> **Saved entries**:
========================================================================

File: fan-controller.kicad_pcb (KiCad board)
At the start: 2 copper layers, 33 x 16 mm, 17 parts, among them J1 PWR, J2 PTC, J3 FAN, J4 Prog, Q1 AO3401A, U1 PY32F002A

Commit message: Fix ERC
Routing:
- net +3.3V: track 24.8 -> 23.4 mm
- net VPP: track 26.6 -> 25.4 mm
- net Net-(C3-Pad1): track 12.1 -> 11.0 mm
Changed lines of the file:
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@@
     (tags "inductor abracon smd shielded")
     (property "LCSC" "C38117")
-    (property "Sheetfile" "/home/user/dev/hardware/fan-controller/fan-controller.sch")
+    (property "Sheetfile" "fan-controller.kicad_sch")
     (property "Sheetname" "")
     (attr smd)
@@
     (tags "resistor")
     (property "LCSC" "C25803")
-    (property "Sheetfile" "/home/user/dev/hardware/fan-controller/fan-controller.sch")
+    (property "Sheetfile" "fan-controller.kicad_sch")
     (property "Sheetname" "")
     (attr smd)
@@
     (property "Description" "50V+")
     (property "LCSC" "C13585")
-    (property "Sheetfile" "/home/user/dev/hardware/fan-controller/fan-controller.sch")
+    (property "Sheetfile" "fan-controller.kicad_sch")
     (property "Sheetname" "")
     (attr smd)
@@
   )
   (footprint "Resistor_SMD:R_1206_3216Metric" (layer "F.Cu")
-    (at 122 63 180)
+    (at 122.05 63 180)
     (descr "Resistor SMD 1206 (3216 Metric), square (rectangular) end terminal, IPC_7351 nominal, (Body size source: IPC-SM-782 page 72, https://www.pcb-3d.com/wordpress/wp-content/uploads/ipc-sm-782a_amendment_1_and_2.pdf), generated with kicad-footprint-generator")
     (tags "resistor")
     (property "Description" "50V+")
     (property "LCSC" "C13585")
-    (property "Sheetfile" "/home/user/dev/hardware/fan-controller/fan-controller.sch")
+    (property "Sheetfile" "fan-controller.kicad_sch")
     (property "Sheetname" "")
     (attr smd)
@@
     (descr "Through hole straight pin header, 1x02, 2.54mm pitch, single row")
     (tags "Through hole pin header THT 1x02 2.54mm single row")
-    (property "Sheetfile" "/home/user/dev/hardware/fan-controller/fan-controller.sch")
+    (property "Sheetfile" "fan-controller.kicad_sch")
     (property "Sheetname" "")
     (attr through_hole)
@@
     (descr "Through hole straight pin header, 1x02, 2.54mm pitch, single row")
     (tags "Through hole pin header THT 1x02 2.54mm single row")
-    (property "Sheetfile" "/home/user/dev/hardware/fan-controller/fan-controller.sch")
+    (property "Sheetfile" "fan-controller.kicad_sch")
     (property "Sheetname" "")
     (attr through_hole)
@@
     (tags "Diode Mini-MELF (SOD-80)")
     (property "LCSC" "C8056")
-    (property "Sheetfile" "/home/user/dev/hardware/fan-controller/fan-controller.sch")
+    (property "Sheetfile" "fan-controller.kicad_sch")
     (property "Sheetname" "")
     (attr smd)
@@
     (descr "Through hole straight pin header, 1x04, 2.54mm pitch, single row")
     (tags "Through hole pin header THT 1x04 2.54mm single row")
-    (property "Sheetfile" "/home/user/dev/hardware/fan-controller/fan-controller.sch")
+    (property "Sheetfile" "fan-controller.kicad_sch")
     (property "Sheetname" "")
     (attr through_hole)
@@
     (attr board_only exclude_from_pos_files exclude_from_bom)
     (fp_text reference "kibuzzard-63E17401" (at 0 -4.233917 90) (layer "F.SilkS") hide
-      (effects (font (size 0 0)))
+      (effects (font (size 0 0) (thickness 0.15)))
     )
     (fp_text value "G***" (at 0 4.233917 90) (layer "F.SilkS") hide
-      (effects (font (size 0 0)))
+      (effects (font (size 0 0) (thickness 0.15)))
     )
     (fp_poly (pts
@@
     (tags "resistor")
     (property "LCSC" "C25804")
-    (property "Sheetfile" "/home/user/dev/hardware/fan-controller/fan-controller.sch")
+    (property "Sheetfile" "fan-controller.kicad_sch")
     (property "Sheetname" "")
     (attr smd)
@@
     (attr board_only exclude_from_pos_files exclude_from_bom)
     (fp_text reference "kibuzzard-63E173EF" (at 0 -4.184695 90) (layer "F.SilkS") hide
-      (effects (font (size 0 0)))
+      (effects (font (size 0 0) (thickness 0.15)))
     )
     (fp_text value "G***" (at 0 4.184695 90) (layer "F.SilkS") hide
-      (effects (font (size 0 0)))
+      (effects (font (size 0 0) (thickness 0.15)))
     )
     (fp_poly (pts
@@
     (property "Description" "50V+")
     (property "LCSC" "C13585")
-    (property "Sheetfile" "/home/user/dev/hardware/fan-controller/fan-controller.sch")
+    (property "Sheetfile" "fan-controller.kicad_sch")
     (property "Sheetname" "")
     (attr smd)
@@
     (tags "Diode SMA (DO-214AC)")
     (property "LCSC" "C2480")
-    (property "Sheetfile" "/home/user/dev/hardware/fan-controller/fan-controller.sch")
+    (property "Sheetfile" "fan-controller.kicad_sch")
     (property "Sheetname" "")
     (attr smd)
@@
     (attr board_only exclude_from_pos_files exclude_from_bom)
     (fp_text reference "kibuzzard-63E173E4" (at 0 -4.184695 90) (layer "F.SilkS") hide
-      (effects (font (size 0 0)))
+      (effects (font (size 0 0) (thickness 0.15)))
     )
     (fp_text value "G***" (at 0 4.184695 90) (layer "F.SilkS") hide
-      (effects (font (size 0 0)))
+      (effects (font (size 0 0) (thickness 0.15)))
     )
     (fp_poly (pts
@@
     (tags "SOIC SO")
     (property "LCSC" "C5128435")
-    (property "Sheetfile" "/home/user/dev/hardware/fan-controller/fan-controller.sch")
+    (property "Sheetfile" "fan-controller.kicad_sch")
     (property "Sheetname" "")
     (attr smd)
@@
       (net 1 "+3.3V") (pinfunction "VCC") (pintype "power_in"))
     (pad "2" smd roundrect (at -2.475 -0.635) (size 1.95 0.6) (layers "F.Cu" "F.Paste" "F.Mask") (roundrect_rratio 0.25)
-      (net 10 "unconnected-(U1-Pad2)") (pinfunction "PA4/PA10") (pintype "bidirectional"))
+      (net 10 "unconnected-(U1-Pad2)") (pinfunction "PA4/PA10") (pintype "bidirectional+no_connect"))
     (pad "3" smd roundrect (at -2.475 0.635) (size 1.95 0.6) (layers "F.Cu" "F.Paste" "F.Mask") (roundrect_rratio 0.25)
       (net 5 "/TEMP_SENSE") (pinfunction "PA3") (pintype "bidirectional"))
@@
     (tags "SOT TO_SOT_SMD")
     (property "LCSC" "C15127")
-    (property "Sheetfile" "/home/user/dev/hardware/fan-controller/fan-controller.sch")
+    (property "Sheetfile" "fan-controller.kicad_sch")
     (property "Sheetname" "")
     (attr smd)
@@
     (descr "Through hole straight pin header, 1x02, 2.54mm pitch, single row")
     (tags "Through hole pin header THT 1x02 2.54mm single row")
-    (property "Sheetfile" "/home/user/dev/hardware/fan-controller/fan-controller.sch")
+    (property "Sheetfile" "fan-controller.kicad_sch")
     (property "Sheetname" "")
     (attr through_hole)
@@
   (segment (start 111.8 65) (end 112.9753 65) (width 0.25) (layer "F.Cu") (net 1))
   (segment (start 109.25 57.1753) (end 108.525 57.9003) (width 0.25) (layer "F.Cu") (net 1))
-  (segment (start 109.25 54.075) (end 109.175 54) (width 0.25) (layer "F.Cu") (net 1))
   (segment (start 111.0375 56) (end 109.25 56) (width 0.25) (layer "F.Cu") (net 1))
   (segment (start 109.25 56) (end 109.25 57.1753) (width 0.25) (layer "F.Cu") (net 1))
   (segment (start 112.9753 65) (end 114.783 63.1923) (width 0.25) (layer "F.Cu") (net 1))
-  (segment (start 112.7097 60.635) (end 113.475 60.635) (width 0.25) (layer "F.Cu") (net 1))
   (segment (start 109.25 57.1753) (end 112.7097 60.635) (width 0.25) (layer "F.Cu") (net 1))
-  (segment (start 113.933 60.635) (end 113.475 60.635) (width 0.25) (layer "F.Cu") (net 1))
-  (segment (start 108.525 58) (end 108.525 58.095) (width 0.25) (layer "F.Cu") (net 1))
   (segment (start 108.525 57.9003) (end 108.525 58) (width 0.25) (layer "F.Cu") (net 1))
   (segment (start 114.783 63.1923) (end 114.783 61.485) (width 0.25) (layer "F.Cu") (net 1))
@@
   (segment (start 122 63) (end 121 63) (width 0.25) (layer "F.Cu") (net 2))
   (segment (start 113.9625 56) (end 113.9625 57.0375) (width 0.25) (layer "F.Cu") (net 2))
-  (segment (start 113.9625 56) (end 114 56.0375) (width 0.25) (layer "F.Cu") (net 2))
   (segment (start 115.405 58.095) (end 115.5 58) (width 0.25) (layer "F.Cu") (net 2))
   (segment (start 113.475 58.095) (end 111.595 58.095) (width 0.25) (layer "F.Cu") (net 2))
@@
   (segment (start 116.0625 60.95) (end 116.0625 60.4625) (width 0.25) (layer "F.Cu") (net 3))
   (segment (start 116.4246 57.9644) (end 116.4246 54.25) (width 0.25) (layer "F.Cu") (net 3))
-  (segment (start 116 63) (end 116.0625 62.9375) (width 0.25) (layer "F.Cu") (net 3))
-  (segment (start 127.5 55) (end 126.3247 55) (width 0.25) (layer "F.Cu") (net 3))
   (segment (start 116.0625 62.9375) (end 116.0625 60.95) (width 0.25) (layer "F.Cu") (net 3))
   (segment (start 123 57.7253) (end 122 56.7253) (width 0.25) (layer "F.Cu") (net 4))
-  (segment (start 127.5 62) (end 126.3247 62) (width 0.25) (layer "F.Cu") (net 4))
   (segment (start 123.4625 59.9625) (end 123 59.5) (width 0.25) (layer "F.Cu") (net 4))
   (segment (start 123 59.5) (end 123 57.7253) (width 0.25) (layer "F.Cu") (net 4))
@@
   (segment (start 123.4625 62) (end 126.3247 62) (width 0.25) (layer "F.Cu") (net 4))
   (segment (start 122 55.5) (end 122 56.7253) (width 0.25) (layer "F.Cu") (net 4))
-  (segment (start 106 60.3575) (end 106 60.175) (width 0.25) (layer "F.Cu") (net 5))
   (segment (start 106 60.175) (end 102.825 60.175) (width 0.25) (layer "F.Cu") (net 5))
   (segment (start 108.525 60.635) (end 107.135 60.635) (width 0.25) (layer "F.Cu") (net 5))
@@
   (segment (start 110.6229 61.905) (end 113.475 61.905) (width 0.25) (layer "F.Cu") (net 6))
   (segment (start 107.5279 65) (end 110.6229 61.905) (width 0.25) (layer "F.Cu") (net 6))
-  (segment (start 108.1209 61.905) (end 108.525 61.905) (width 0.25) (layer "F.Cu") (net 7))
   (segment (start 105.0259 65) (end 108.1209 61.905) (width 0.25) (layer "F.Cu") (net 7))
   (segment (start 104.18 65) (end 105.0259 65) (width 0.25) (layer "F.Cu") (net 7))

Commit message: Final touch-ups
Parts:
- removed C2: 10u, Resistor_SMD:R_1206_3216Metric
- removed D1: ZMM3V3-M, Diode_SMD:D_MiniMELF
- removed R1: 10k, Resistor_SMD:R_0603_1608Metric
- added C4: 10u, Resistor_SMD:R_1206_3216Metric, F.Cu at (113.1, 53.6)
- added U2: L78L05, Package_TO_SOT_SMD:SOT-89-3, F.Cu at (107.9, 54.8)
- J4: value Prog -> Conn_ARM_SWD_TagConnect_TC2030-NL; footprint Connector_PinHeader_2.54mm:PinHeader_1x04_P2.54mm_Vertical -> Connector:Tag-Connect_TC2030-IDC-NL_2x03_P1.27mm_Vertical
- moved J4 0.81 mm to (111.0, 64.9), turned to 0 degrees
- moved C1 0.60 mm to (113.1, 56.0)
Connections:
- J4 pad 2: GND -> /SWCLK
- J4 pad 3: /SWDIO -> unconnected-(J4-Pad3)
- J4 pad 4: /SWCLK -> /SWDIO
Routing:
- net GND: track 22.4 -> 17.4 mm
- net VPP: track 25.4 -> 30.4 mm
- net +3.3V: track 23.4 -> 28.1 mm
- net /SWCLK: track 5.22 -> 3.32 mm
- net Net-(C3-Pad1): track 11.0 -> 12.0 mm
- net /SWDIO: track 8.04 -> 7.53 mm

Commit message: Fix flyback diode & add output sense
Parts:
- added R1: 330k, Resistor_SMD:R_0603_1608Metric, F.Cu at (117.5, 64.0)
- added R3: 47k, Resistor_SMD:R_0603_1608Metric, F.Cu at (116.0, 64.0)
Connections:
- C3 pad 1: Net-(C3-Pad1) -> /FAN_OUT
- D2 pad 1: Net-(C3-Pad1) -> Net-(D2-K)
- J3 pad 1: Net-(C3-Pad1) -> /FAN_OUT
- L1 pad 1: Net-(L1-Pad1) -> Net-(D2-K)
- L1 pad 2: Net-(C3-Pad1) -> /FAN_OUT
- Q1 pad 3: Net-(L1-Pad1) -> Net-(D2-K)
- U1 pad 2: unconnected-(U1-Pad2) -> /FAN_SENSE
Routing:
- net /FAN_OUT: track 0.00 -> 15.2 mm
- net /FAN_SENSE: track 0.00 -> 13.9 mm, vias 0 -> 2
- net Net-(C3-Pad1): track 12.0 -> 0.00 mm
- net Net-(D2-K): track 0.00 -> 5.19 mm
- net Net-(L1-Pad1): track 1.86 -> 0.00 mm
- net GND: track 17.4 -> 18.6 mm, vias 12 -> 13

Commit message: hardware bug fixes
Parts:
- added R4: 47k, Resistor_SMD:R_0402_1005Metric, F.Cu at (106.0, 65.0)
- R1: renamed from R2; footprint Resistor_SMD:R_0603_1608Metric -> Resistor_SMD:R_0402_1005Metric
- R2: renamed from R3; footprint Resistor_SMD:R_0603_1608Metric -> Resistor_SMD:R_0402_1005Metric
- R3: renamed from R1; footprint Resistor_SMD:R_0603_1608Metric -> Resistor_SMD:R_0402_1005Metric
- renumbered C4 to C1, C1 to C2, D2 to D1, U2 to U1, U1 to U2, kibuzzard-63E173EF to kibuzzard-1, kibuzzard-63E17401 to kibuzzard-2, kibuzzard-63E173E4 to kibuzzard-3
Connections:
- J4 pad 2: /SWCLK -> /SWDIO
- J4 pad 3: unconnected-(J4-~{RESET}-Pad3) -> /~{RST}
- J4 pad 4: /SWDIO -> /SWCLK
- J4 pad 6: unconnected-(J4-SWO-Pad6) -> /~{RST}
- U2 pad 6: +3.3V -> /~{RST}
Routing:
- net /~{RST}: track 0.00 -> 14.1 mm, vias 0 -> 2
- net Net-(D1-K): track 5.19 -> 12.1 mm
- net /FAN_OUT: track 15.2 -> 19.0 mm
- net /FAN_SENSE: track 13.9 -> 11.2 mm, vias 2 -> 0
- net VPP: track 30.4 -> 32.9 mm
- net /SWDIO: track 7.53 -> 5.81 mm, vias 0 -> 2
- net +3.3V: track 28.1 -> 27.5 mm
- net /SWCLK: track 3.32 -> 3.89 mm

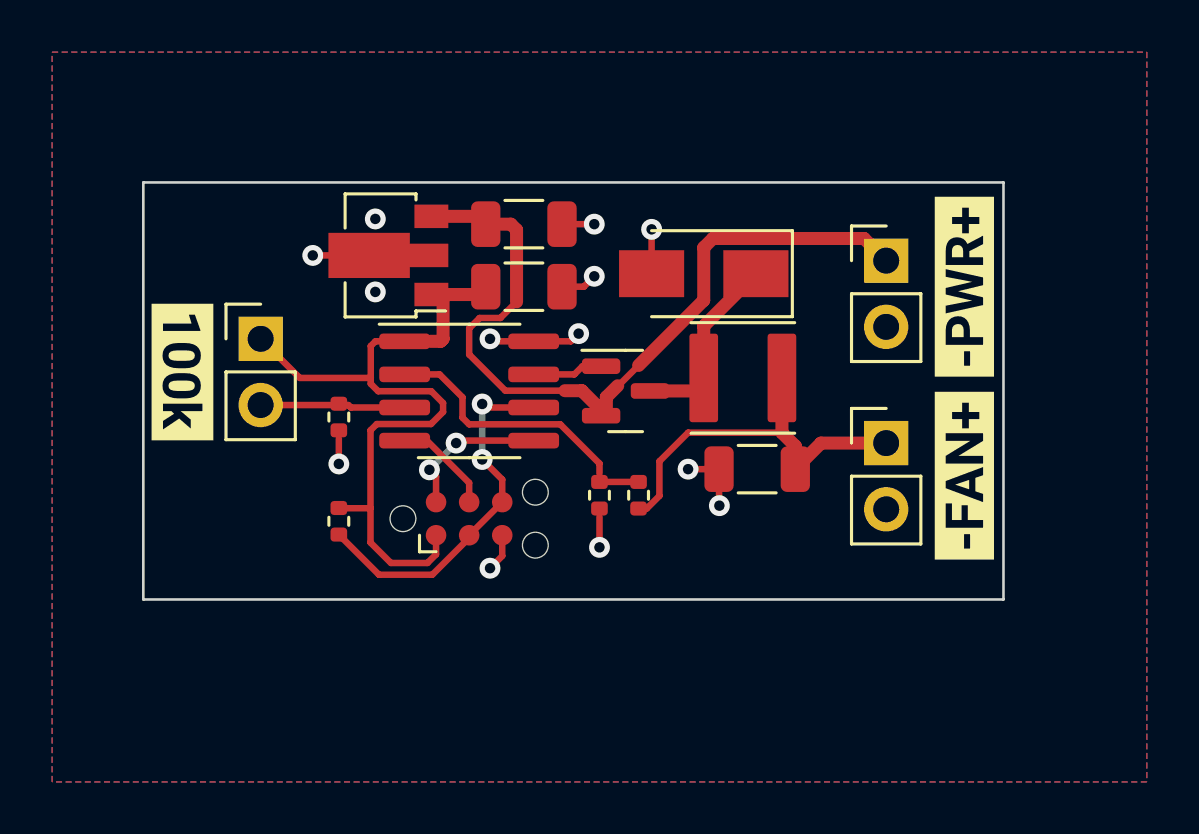
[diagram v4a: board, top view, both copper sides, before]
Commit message: Fix circuit mistakes
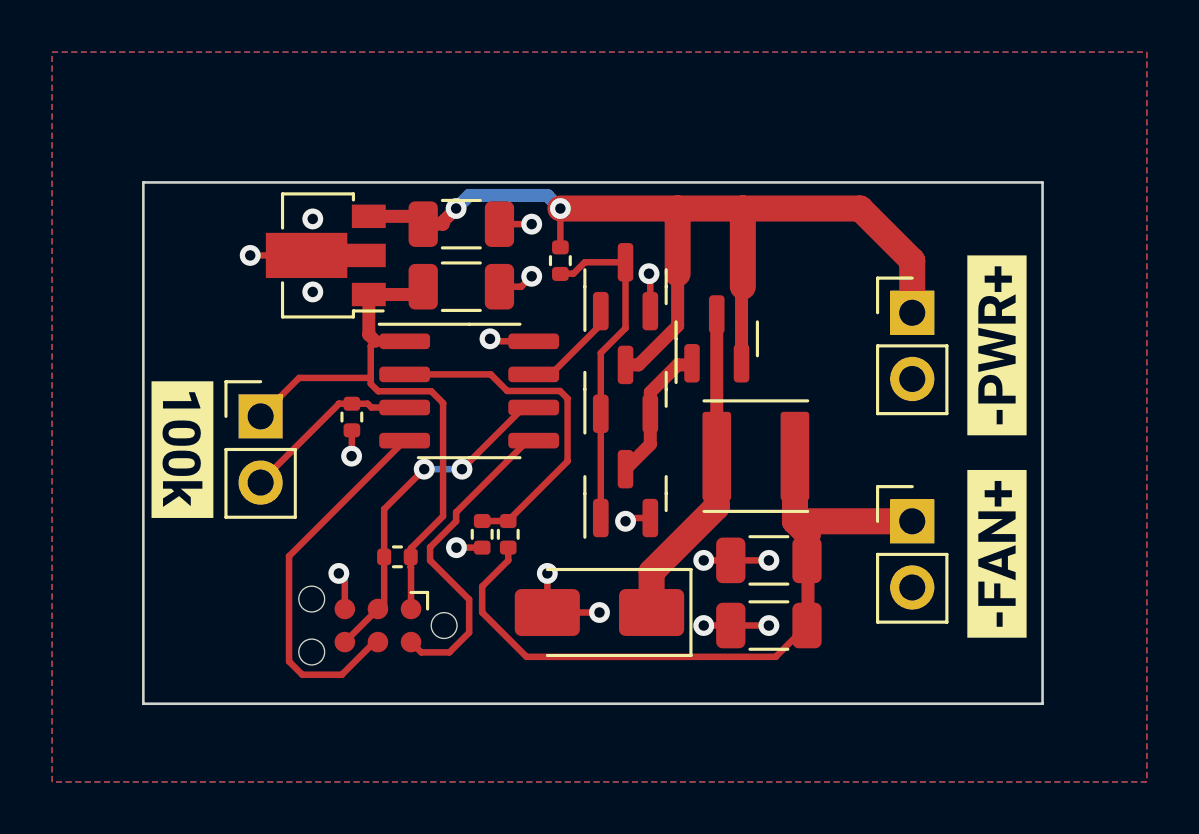
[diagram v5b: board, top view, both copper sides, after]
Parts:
- added C4: 10u, Resistor_SMD:R_1206_3216Metric, F.Cu at (122.5, 66.5)
- added Q2: MMBT5401, Package_TO_SOT_SMD:SOT-23, F.Cu at (117.0, 63.9)
- added Q3: MMBT5551, Package_TO_SOT_SMD:SOT-23, F.Cu at (117.0, 59.9)
- added Q4: MMBT5551, Package_TO_SOT_SMD:SOT-23, F.Cu at (117.0, 56.0)
- added R7: 22k, Resistor_SMD:R_0402_1005Metric, F.Cu at (114.5, 55.0)
- L1: value 10uH, 150mΩ -> 47u
- R2, R4: value 47k -> 22k
- R3: value 330k -> 100k
- moved D1 13.6 mm to (116.0, 68.5)
- moved C3 6.02 mm to (122.5, 69.0)
- moved J4 5.39 mm to (107.5, 69.0), turned to 180 degrees
- moved R3 5.22 mm to (112.5, 65.5)
- moved R2 4.74 mm to (111.5, 65.5)
- moved Q1 4.03 mm to (120.5, 58.0), turned to 90 degrees
- moved kibuzzard-3 3.25 mm to (131.2, 66.2)
- moved J3 3.16 mm to (128.0, 65.0)
- moved L1 3.04 mm to (122.0, 62.5)
- moved J2 2.98 mm to (103.0, 61.0)
- moved kibuzzard-2 2.98 mm to (100.0, 62.2)
- moved R4 2.63 mm to (108.2, 66.4), turned to 0 degrees
- moved kibuzzard-1 2.57 mm to (131.2, 58.2)
- moved U1 2.40 mm to (105.5, 54.8)
- moved C1 2.40 mm to (110.7, 53.6)
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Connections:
- Q1 pad 1: /SW -> Net-(Q1-G)
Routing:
- net Net-(Q2-B): track 0.00 -> 12.9 mm
- net /SWCLK: track 3.89 -> 14.5 mm
- net /FAN_OUT: track 19.0 -> 27.3 mm
- net VPP: track 32.9 -> 40.7 mm, vias 0 -> 2
- net /SWDIO: track 5.81 -> 12.2 mm, vias 2 -> 0
- net Net-(Q1-G): track 0.00 -> 5.33 mm
- net GND: track 18.6 -> 23.2 mm, vias 13 -> 17
- net +3.3V: track 27.5 -> 23.1 mm
- net /FAN_SENSE: track 11.2 -> 13.3 mm
- net /~{RST}: track 14.1 -> 12.5 mm
- net /TEMP_SENSE: track 5.56 -> 6.84 mm
- net /SW: track 2.72 -> 3.30 mm
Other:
- board size 33 x 16 mm -> 34.5 x 20 mm
- board text added: "flaviutamas.com/p/dc-fan-temp 5-24V Fan Temp Controller Ifan≤250mA"
- board text removed: "flaviutamas.com/p/dc-fan-temp 5-24V Fan Temp Controller Ifan≤500mA"

========================================================================

> **What to work on**: From the records above, give again exactly the lines running from the line with "- L1: value 10uH, 150mΩ -> 47u" to the line with "- moved R2 4.74 mm to (111.5, 65.5)", inclusive.

> **Solved problem**:
- L1: value 10uH, 150mΩ -> 47u
- R2, R4: value 47k -> 22k
- R3: value 330k -> 100k
- moved D1 13.6 mm to (116.0, 68.5)
- moved C3 6.02 mm to (122.5, 69.0)
- moved J4 5.39 mm to (107.5, 69.0), turned to 180 degrees
- moved R3 5.22 mm to (112.5, 65.5)
- moved R2 4.74 mm to (111.5, 65.5)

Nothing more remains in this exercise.